A complete answer lists every line of the material where the string "schematic" occurs.
──────
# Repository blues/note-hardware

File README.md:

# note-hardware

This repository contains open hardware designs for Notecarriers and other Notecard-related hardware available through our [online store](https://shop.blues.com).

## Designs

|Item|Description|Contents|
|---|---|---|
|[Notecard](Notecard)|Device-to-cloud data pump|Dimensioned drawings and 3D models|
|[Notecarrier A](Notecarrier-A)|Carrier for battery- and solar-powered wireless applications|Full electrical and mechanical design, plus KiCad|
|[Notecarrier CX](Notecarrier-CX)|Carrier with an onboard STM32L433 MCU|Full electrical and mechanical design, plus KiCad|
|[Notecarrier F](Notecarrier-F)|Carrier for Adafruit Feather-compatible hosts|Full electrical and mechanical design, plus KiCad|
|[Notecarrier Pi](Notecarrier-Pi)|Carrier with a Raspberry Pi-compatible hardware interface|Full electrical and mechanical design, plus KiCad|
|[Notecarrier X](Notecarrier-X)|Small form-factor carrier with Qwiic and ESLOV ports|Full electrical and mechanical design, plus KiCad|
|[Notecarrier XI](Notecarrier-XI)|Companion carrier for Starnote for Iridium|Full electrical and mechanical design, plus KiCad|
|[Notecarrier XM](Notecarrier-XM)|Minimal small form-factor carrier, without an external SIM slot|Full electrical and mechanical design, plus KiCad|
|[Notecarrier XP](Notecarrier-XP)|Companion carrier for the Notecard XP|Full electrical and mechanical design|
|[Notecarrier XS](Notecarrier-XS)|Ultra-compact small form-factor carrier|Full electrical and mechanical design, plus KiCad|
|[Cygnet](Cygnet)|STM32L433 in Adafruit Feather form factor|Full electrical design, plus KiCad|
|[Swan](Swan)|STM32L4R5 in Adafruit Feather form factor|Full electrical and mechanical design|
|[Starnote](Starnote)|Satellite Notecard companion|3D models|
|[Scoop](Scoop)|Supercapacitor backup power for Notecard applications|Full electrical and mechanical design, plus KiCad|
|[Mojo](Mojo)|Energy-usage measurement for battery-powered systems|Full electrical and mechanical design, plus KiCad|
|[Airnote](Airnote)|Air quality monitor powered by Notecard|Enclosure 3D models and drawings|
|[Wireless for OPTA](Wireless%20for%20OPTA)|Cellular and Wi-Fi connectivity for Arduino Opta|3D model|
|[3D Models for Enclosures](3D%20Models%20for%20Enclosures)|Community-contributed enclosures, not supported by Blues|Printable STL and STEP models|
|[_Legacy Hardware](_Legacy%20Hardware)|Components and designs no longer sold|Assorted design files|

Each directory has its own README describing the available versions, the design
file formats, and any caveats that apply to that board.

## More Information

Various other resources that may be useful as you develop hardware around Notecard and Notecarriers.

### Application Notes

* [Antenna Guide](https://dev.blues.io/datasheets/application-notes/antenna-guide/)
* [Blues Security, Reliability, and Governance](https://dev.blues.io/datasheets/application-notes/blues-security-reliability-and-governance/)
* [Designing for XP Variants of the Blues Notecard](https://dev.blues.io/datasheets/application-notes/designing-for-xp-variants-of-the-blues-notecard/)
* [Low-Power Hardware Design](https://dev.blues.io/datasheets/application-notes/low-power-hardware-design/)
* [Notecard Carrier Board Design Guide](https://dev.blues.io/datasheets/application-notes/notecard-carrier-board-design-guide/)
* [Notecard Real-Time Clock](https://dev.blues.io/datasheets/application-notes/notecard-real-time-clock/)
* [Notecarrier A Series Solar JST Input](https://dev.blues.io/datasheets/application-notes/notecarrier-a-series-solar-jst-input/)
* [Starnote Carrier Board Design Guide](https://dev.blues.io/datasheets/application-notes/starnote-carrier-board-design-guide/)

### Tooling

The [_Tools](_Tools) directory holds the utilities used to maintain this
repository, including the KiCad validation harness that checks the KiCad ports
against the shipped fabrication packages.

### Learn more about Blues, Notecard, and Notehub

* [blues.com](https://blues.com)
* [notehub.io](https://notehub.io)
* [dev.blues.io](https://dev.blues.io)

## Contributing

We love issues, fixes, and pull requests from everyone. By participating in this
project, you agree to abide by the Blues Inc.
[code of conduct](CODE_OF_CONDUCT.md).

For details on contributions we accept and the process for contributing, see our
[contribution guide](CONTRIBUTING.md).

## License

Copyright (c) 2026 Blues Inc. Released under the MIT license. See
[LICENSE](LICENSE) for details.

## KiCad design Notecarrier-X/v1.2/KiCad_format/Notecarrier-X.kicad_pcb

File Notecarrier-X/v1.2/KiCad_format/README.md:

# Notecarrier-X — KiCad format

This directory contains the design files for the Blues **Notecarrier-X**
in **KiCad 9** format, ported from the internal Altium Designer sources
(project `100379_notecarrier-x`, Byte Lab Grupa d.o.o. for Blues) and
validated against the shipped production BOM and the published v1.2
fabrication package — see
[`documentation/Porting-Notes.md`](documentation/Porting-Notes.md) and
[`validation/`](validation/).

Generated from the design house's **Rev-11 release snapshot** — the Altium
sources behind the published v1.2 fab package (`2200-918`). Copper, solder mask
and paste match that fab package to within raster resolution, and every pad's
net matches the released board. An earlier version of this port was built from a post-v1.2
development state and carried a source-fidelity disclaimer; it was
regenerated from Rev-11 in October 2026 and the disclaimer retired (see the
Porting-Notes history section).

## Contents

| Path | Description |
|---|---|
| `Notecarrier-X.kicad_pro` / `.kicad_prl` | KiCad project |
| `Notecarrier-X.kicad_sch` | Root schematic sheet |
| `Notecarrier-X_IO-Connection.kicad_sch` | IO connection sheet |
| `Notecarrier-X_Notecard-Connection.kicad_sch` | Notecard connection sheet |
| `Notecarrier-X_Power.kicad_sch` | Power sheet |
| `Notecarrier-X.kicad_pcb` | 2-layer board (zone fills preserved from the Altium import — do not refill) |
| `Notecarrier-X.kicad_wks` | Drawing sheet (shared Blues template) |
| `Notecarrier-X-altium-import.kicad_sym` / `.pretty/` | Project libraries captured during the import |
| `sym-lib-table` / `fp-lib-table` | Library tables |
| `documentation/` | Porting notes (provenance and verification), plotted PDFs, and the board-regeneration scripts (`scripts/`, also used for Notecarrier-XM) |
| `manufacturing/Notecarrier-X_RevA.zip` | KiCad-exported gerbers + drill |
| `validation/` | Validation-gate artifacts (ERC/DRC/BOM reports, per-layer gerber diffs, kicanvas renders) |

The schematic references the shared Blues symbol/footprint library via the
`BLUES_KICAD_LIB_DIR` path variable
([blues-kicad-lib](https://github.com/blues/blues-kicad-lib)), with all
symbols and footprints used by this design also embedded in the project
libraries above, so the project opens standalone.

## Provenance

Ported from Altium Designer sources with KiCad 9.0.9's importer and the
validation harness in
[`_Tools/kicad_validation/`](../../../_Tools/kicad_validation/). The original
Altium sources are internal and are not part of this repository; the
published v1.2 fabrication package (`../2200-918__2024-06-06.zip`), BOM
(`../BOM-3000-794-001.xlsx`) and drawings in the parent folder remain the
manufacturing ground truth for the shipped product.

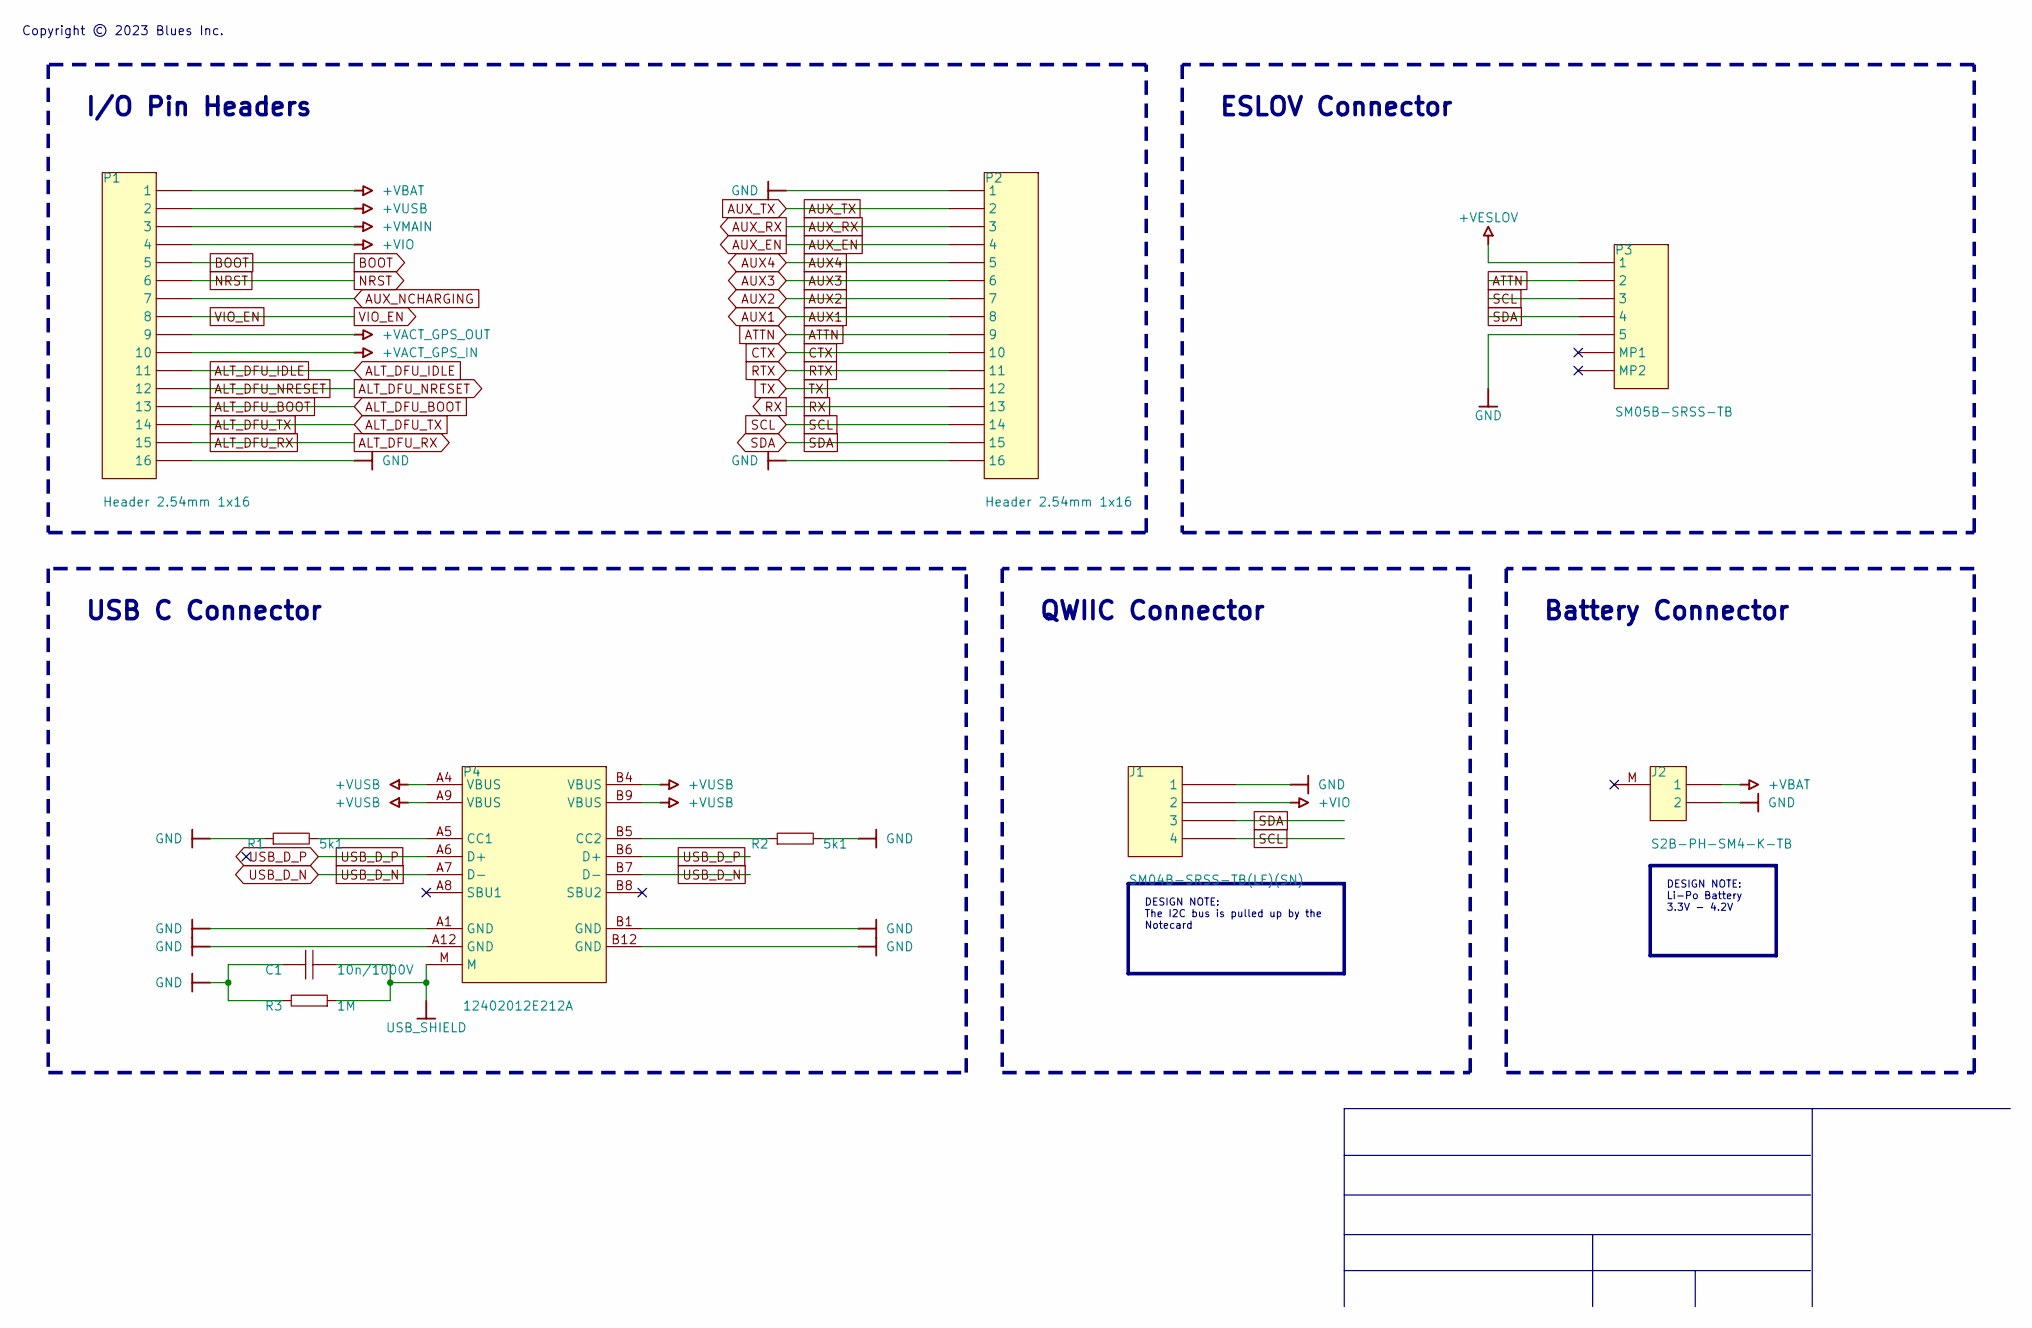
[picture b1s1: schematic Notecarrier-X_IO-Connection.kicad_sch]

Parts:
C1: 10n/1000V; C-1206; MANUFACTURER PART NUMBER CS1206KKX7RCBB103
J1: SM04B-SRSS-TB(LF)(SN); JST SM04B-SRSS-TB; MANUFACTURER PART NUMBER SM04B-SRSS-TB(LF)(SN)
J2: S2B-PH-SM4-K-TB; Conn S2B-PH-SM4; MANUFACTURER PART NUMBER S2B-PH-SM4-K-TB(LF)(SN)
P1, P2: Header 2.54mm 1x16; Header 2.54mm 1X16; MANUFACTURER PART NUMBER N/A
P3: SM05B-SRSS-TB; Conn_SM05B-SRSS-TB; MANUFACTURER PART NUMBER SM05B-SRSS-TB
P4: 12402012E212A; CONN_12402012E212A; MANUFACTURER PART NUMBER 12402012E212A
R1, R2: 5k1; R-0402; MANUFACTURER PART NUMBER N/A
R3: 1M; R-1206; MANUFACTURER PART NUMBER N/A

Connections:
──────
**REPLY TO THE EXERCISE:**
| `Notecarrier-X.kicad_sch` | Root schematic sheet |
The schematic references the shared Blues symbol/footprint library via the
[picture b1s1: schematic Notecarrier-X_IO-Connection.kicad_sch]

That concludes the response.